Jonathan Ashley is also from New York and is a managing director of Fortress Investment Group in charge of the capital markets group for the private equity business.

Other members of the Whistler Blackcomb Holdings board include Russell Goodman, a partner in PricewaterhouseCoopers in Montreal and former member of the Canadian Alpine Ski team form 1969 to 1975; R. Scott Hutcheson, chair and CEO of Aspen Properties Ltd., a company that owns and manages office space and parking stalls in Calgary and Edmonton. Hutcheson was also a member of the Canadian Alpine Ski Team from 1978 to 1982 and is a member of the board of directors of the Norquay ski area in Banff; Graham Savage of Toronto is the recently retired chairman and founding partner of Callisto Capital, a merchant banking firm. He was a senior officer at Rogers Communications Inc. and serves as a director of Canadian Tire Corp., Cott Corporation and Postmedia Network Inc.
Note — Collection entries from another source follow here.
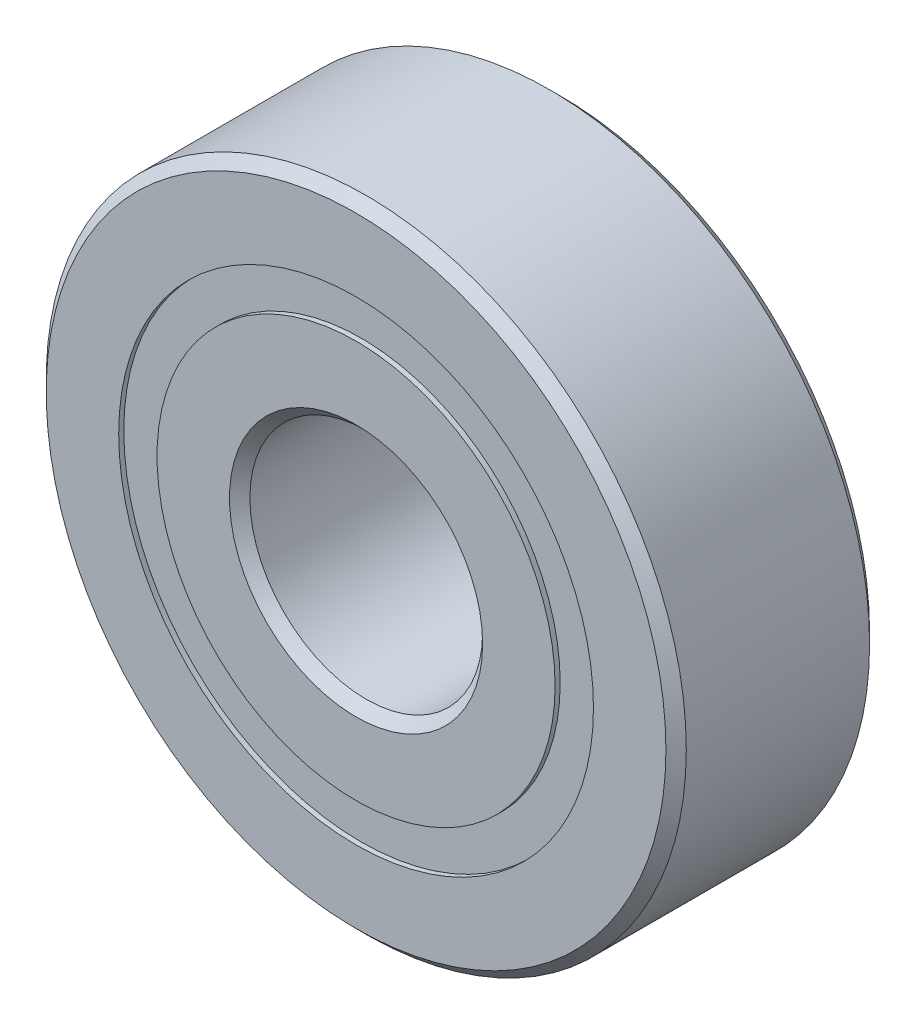
SolidWorks part; units mm, degrees
material "AISI 316 Annealed Stainless Steel Bar (SS)"
ref_plane "Front Plane" through (0, 0, 0) normal (0, 0, 1) x (1, 0, 0)
ref_plane "Top Plane" through (0, 0, 0) normal (0, 1, 0) x (1, 0, 0)
ref_plane "Right Plane" through (0, 0, 0) normal (1, 0, 0) x (0, 0, -1)
sketch "Sketch1" plane through (0, 0, 0) normal (1, 0, 0) x (0, 0, -1)
  line L0 (-3.5, 0) -> (3.5, 0) construction
  line L1 (0, 11) -> (0, -11) construction
  line L2 (3.15, 11) -> (-3.15, 11)
  line L3 (-3.15, 11) -> (-3.5, 10.65)
  line L4 (-3.5, 10.65) -> (-3.5, 8.1593)
  line L5 (-3.5, 8.1593) -> (-1.5556, 8.1593)
  line L6 (3.5, 8.1593) -> (1.5556, 8.1593)
  line L7 (3.5, 10.65) -> (3.5, 8.1593)
  line L8 (3.15, 11) -> (3.5, 10.65)
  line L9 (0, 11) -> (0, 7.5) construction
  line L10 (0, 7.5) -> (0, 4) construction
  arc A0 (-1.5556, 8.1593) -> (1.5556, 8.1593) centre (0, 7.5) cw
  point P14 (0, 4)
  dimension "Width" = 7
  dimension "OD" = 22
  dimension "D1" = 45
  dimension "D2" = 0.35
  dimension "Shaft Dia" = 8
  dimension "D3" = 3.1111
  dimension "D4" = 0.6593
revolve "Revolve1" add sketch "Sketch1" angle 360 about L0
sketch "Sketch3" plane through (0, 0, 0) normal (1, 0, 0) x (0, 0, -1)
  line L0 (-3.5, 6.8407) -> (-1.5556, 6.8407)
  line L1 (0, 11) -> (0, -11) construction
  line L2 (-3.5, 10.65) -> (-3.5, 8.1593) construction
  line L3 (-3.5, 6.8407) -> (-3.5, 4.35)
  line L4 (-3.15, 11) -> (-3.5, 10.65) construction
  line L5 (-3.5, 4.35) -> (-3.15, 4)
  line L6 (-3.15, 4) -> (3.15, 4)
  line L7 (3.15, 11) -> (3.15, -11) construction
  line L8 (3.15, 4) -> (3.5, 4.35)
  line L9 (3.5, -10.65) -> (3.5, 10.65) construction
  line L10 (3.5, 4.35) -> (3.5, 6.8407)
  line L11 (3.5, 6.8407) -> (1.5556, 6.8407)
  line L13 (3.15, 11) -> (3.5, 10.65) construction
  arc A0 (1.5556, 8.1593) -> (-1.5556, 8.1593) centre (0, 7.5) ccw construction
  arc A1 (1.5556, 6.8407) -> (-1.5556, 6.8407) centre (0, 7.5) cw
revolve "Revolve3" add sketch "Sketch3" angle 360 about L0
sketch "Sketch4" plane through (0, 0, 0) normal (1, 0, 0) x (0, 0, -1)
  line L0 (-1.6895, 7.5) -> (1.6895, 7.5)
  arc A2 (-1.6895, 7.5) -> (1.6895, 7.5) centre (0, 7.5) cw
  arc A3 (1.5556, 8.1593) -> (-1.5556, 8.1593) centre (0, 7.5) ccw construction
revolve "Revolve4" add sketch "Sketch4" angle 360 about L0
ref_axis "Axis1" through (0, 0, -3.5) along (0, 0, 1)
pattern_circular "CirPattern1" [suppressed] count 10 every 36 about axis through (0, 0, -3.5) along (0, 0, 1) of bodies 104
sketch "Sketch6" plane through (0, 0, 0) normal (1, 0, 0) x (0, 0, -1)
  line L0 (-3.5, 8.1593) -> (-1.5556, 8.1593) construction
  line L1 (-3.325, 8.1593) -> (-1.6895, 8.1593)
  line L2 (-3.325, 8.1593) -> (-3.325, 6.8407)
  line L3 (-3.325, 6.8407) -> (-1.6895, 6.8407)
  line L4 (-1.6895, 8.1593) -> (-1.6895, 6.8407)
  line L5 (-3.5, 6.8407) -> (-1.5556, 6.8407) construction
  line L6 (3.5, 8.1593) -> (1.5556, 8.1593) construction
  line L7 (3.325, 8.1593) -> (1.6895, 8.1593)
  line L8 (3.325, 8.1593) -> (3.325, 6.8407)
  line L9 (3.325, 6.8407) -> (1.6895, 6.8407)
  line L10 (1.6895, 8.1593) -> (1.6895, 6.8407)
  line L11 (3.5, 6.8407) -> (1.5556, 6.8407) construction
  line L12 (-3.15, 11) -> (-3.5, 10.65) construction
  point P18 (-3.325, 10.825)
revolve "Revolve5" add sketch "Sketch6" angle 360 about L0
equation "\"D2@Sketch1\" = \"Width@Sketch1\"*.05"
equation "\"D3@Sketch1\" = \"Width@Sketch1\"/2.25"
equation "\"D4@Sketch1\" = (((\"OD@Sketch1\"-\"Width@Sketch1\")/2)/3.25)/3.5"
equation "\"D2@CirPattern1\" = 360/\"Balls@CirPattern1\""
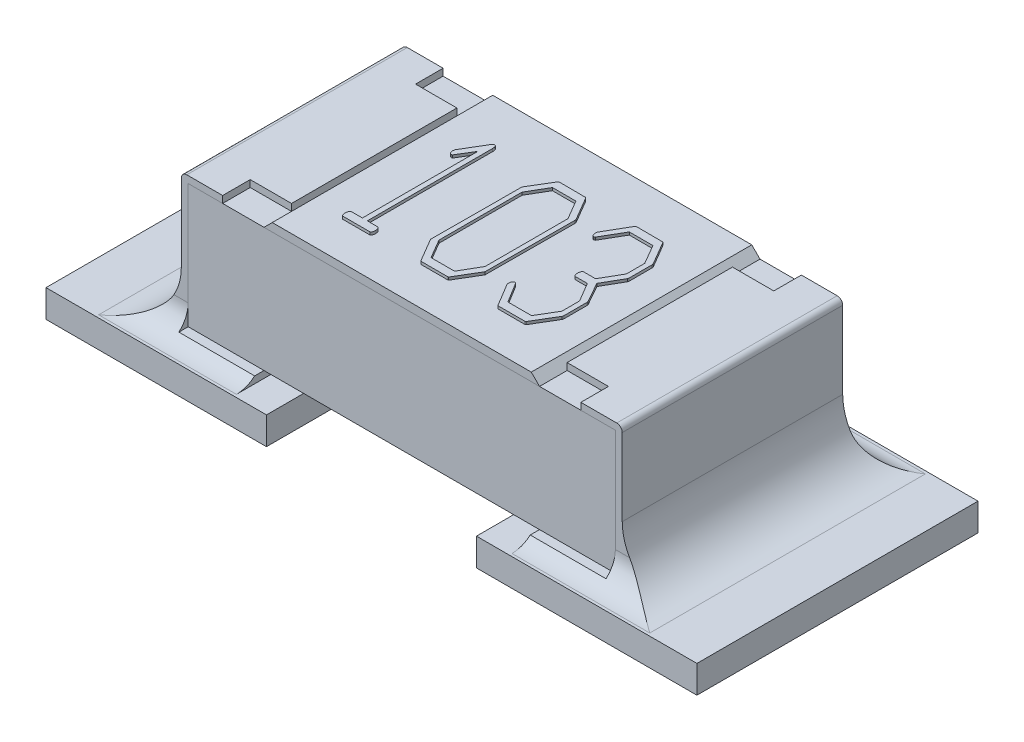
SolidWorks part; units mm, degrees
material "Ceramic Porcelain"
ref_plane "Front Plane" through (0, 0, 0) normal (0, 0, 1) x (1, 0, 0)
ref_plane "Top Plane" through (0, 0, 0) normal (0, 1, 0) x (1, 0, 0)
ref_plane "Right Plane" through (0, 0, 0) normal (1, 0, 0) x (0, 0, -1)
sketch "Sketch1" plane through (0, 0, 0) normal (1, 0, 0) x (0, 0, -1)
  line L0 (0, 55) -> (0, -55) construction
  line L1 (-0.4, 0.575) -> (0.4, 0.575)
  line L2 (-0.4, 0.575) -> (-0.4, 0.125)
  line L3 (-0.4, 0.125) -> (0.4, 0.125)
  line L4 (0.4, 0.575) -> (0.4, 0.125)
  line L5 (55, 0) -> (-55, 0) construction
  dimension "D1" = 0.8
  dimension "D2" = 0.4
  dimension "D3" = 0.45
  dimension "D4" = 0.125
extrude "Boss-Extrude1" add sketch "Sketch1" along normal mid plane 1.55
sketch "Sketch2" plane through (0, 0, 0) normal (0, 0, 1) x (1, 0, 0)
  line L0 (-0.5, 0.6) -> (-0.78, 0.6)
  line L1 (-0.8, 0.58) -> (-0.8, 0.1)
  line L2 (-0.8, 0.1) -> (-0.5, 0.1)
  line L3 (-0.5, 0.1) -> (-0.5, 0.125)
  line L4 (0.775, 0.125) -> (-0.775, 0.125) construction
  line L5 (-0.5, 0.125) -> (-0.775, 0.125)
  line L6 (-0.775, 0.125) -> (-0.775, 0.575)
  line L7 (-0.775, 0.575) -> (-0.5, 0.575)
  line L8 (0.775, 0.575) -> (-0.775, 0.575) construction
  line L9 (-0.5, 0.575) -> (-0.5, 0.6)
  line L11 (0.5, 0.575) -> (0.5, 0.6)
  line L12 (0.5, 0.6) -> (0.78, 0.6)
  line L13 (0.8, 0.58) -> (0.8, 0.1)
  line L14 (0.8, 0.1) -> (0.5, 0.1)
  line L15 (0.5, 0.1) -> (0.5, 0.125)
  line L16 (0.5, 0.125) -> (0.775, 0.125)
  line L17 (0.775, 0.125) -> (0.775, 0.575)
  line L18 (0.775, 0.575) -> (0.5, 0.575)
  arc A0 (0.78, 0.6) -> (0.8, 0.58) centre (0.78, 0.58) cw
  arc A1 (-0.78, 0.6) -> (-0.8, 0.58) centre (-0.78, 0.58) ccw
  point P28 (-0.8, 0.6)
  dimension "D6" = 0.02
  dimension "D1" = 0.025
  dimension "D2" = 0.025
  dimension "D3" = 0.025
  dimension "D4" = 0.3
  dimension "D5" = 0.3
extrude "Boss-Extrude2" add sketch "Sketch2" along normal mid plane 0.8 separate body
sketch "Sketch3" plane through (0, 0.6, 0) normal (0, 1, 0) x (1, 0, 0)
  line L0 (0.5, -0.4) -> (0.5, 0.4) construction
  line L1 (-0.5, 0.4) -> (-0.65, 0.4)
  line L2 (-0.5, 0.4) -> (-0.5, 0.3)
  line L3 (-0.5, 0.3) -> (-0.65, 0.3)
  line L4 (-0.65, 0.4) -> (-0.65, 0.3)
  line L5 (-0.5, -0.4) -> (-0.65, -0.4)
  line L6 (-0.5, -0.4) -> (-0.5, -0.3)
  line L7 (-0.5, -0.3) -> (-0.65, -0.3)
  line L8 (-0.65, -0.4) -> (-0.65, -0.3)
  line L9 (0.5, -0.4) -> (0.65, -0.4)
  line L10 (0.5, -0.4) -> (0.5, -0.3)
  line L11 (0.5, -0.3) -> (0.65, -0.3)
  line L12 (0.65, -0.4) -> (0.65, -0.3)
  line L13 (0.775, -0.4) -> (-0.775, -0.4) construction
  line L15 (0.5, 0.4) -> (0.65, 0.4)
  line L16 (0.5, 0.4) -> (0.5, 0.3)
  line L17 (0.5, 0.3) -> (0.65, 0.3)
  line L18 (0.65, 0.4) -> (0.65, 0.3)
  dimension "D1" = 0.15
  dimension "D2" = 0.1
extrude "Cut-Extrude1" cut sketch "Sketch3" against normal blind 0.025
sketch "Sketch4" plane through (0, 0, 0) normal (0, 0, 1) x (1, 0, 0)
  line L0 (-0.5, 0.575) -> (0.5, 0.575)
  line L1 (0.5, 0.575) -> (0.47, 0.605)
  line L2 (0.47, 0.605) -> (-0.47, 0.605)
  line L3 (-0.47, 0.605) -> (-0.5, 0.575)
  dimension "D1" = 45
  dimension "D2" = 45
  dimension "D3" = 0.03
extrude "Boss-Extrude3" add sketch "Sketch4" along normal mid plane 0.8 separate body
sketch "Sketch6" plane through (0, 0.605, 0) normal (0, 1, 0) x (1, 0, 0)
  line L0 (-0.4, -0.25) -> (0.4, -0.25) construction
  line L1 (0, -0.2777) -> (0, 0.2777) construction
  line L2 (-0.2777, 0) -> (0.2777, 0) construction
  text T0 "103\r\n" font "SWMono" height 0.5
  dimension "D1" = 0.8
  dimension "D2" = 0.4
  dimension "D3" = 0.25
extrude "Boss-Extrude4" add sketch "Sketch6" along normal blind 0.01
sketch "Sketch7" plane through (0, 0, 0) normal (0, 1, 0) x (1, 0, 0)
  line L0 (0, -0.2833) -> (0, 0.2833) construction
  line L1 (-0.381, -0.51) -> (-1.181, -0.51)
  line L2 (-0.381, -0.51) -> (-0.381, 0.51)
  line L3 (-0.381, 0.51) -> (-1.181, 0.51)
  line L4 (-1.181, -0.51) -> (-1.181, 0.51)
  line L5 (0.381, -0.51) -> (1.181, -0.51)
  line L6 (0.381, -0.51) -> (0.381, 0.51)
  line L7 (0.381, 0.51) -> (1.181, 0.51)
  line L8 (1.181, -0.51) -> (1.181, 0.51)
  line L9 (-0.2833, 0) -> (0.2833, 0) construction
  dimension "D1" = 0.8
  dimension "D2" = 0.381
  dimension "D3" = 0.381
  dimension "D4" = 1.02
  dimension "D5" = 0.51
extrude "Boss-Extrude5" add sketch "Sketch7" along normal blind 0.1
fillet "Fillet3" radius 0.2 1 edges at (-0.8, 0.1, 0)
fillet "Fillet4" radius 0.2 1 edges at (0.8, 0.1, 0)
fillet "Fillet5" radius 0.1 2 edges at (0.75, 0.1, -0.4) (0.75, 0.1, 0.4)
fillet "Fillet6" radius 0.1 2 edges at (-0.75, 0.1, 0.4) (-0.75, 0.1, -0.4)
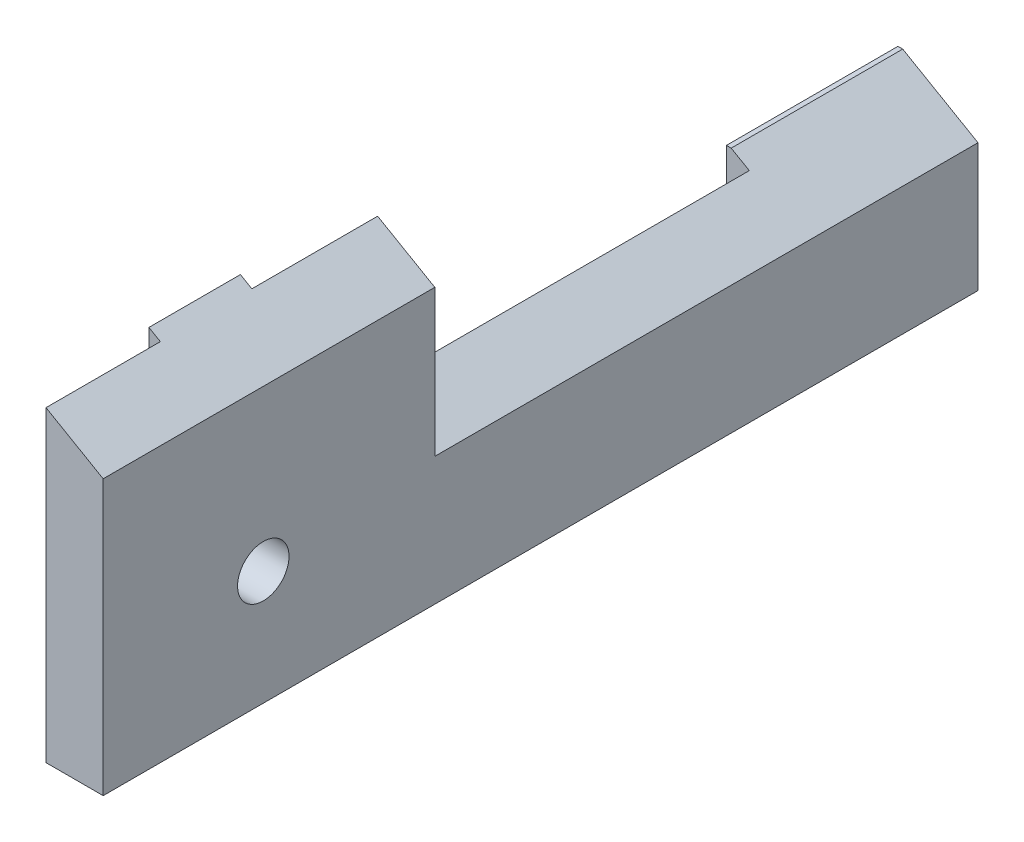
SolidWorks part; units mm, degrees
material "3D printed plastic"
ref_plane "Front Plane" through (0, 0, 0) normal (0, 0, 1) x (1, 0, 0)
ref_plane "Top Plane" through (0, 0, 0) normal (0, 1, 0) x (1, 0, 0)
ref_plane "Right Plane" through (0, 0, 0) normal (1, 0, 0) x (0, 0, -1)
sketch "Sketch1" plane through (0, 0, 0) normal (0, 1, 0) x (1, 0, 0)
  line L0 (-5, -20.25) -> (-5, 23.25)
  line L1 (0, 38.25) -> (-7, 38.25)
  line L2 (0, 38.25) -> (0, -38.25)
  line L3 (0, -38.25) -> (-5, -38.25)
  line L4 (-7, 38.25) -> (-7, 23.25)
  line L5 (-5, -20.25) -> (-6, -20.25)
  line L6 (-6, -24.25) -> (0, -24.25) construction
  line L7 (-7, 23.25) -> (-5, 23.25)
  line L8 (-5, -38.25) -> (-5, -28.25)
  line L9 (-5, -28.25) -> (-6, -28.25)
  line L10 (-6, -20.25) -> (-6, -28.25)
  dimension "D1" = 62.5
  dimension "D2" = 15
  dimension "D3" = 2
  dimension "D4" = 5
  dimension "D5" = 8
  dimension "D6" = 14
  dimension "D7" = 1
extrude "Boss-Extrude1" add sketch "Sketch1" along normal mid plane 28
sketch "Sketch2" plane through (0, 0, 0) normal (1, 0, 0) x (0, 0, -1)
  line L0 (-24.25, -4) -> (-24.25, 14) construction
  line L1 (-38.25, 14) -> (38.25, 14) construction
  line L2 (-20.25, 14) -> (-28.25, 14) construction
  line L5 (-38.25, -14) -> (38.25, -14) construction
  line L7 (-24.25, -14) -> (-24.25, -4) construction
  circle A0 centre (-24.25, -4) radius 2.25
  dimension "D2" = 4.5
  dimension "D1" = 10
extrude "Cut-Extrude1" cut sketch "Sketch2" against normal through all
sketch "Sketch4" plane through (0, 0, 0) normal (1, 0, 0) x (0, 0, -1)
  line L0 (23.25, 14) -> (-20.25, 14) construction
  line L1 (-9.25, 14) -> (38.25, 14)
  line L2 (-9.25, 14) -> (-9.25, 1)
  line L3 (-9.25, 1) -> (38.25, 1)
  line L4 (38.25, 14) -> (38.25, 1)
  line L5 (38.25, 14) -> (38.25, -14) construction
  line L6 (38.25, -14) -> (23.25, -14) construction
  circle A0 centre (-24.25, -4) radius 2.25 construction
  dimension "D1" = 15
  dimension "D2" = 15
extrude "Cut-Extrude3" cut sketch "Sketch4" against normal through all
chamfer "Chamfer1" distance 4 angle 60 1 edges at (0, 14, 23.75) first distance on face at (0, -4, 22)
chamfer "Chamfer2" distance 3.8 angle 60 1 edges at (0, 1, -14.5) first distance on face at (0, -4, 22)

The other two members of the Whistler Blackcomb Holdings board are well-known in the sports world. John Furlong was CEO of VANOC, responsible for delivery of the 2010 Winter Olympics and Paralympics. Cam Neely is president of the Boston Bruins Hockey Club, responsible for the organization's business and hockey operations. Neely grew up in Maple Ridge. He played three seasons for the Vancouver Canucks before being traded to the Bruins, where he became a star player.

The key people on the management team, from the Whistler community's perspective, are undoubtedly Brownlie, Forseth and Rempel. The Fortress representatives - who are said to have become quite enamoured by Whistler - represent the largest single shareholder in Whistler Blackcomb Holdings. The others are solid business people with ties to Whistler, to B.C. and to the ski business.

It's not 100 per cent local ownership of Whistler Blackcomb, but the board of the new Whistler Blackcomb Holdings should bring a broader perspective to the operation of Whistler Blackcomb than simply the bottom line.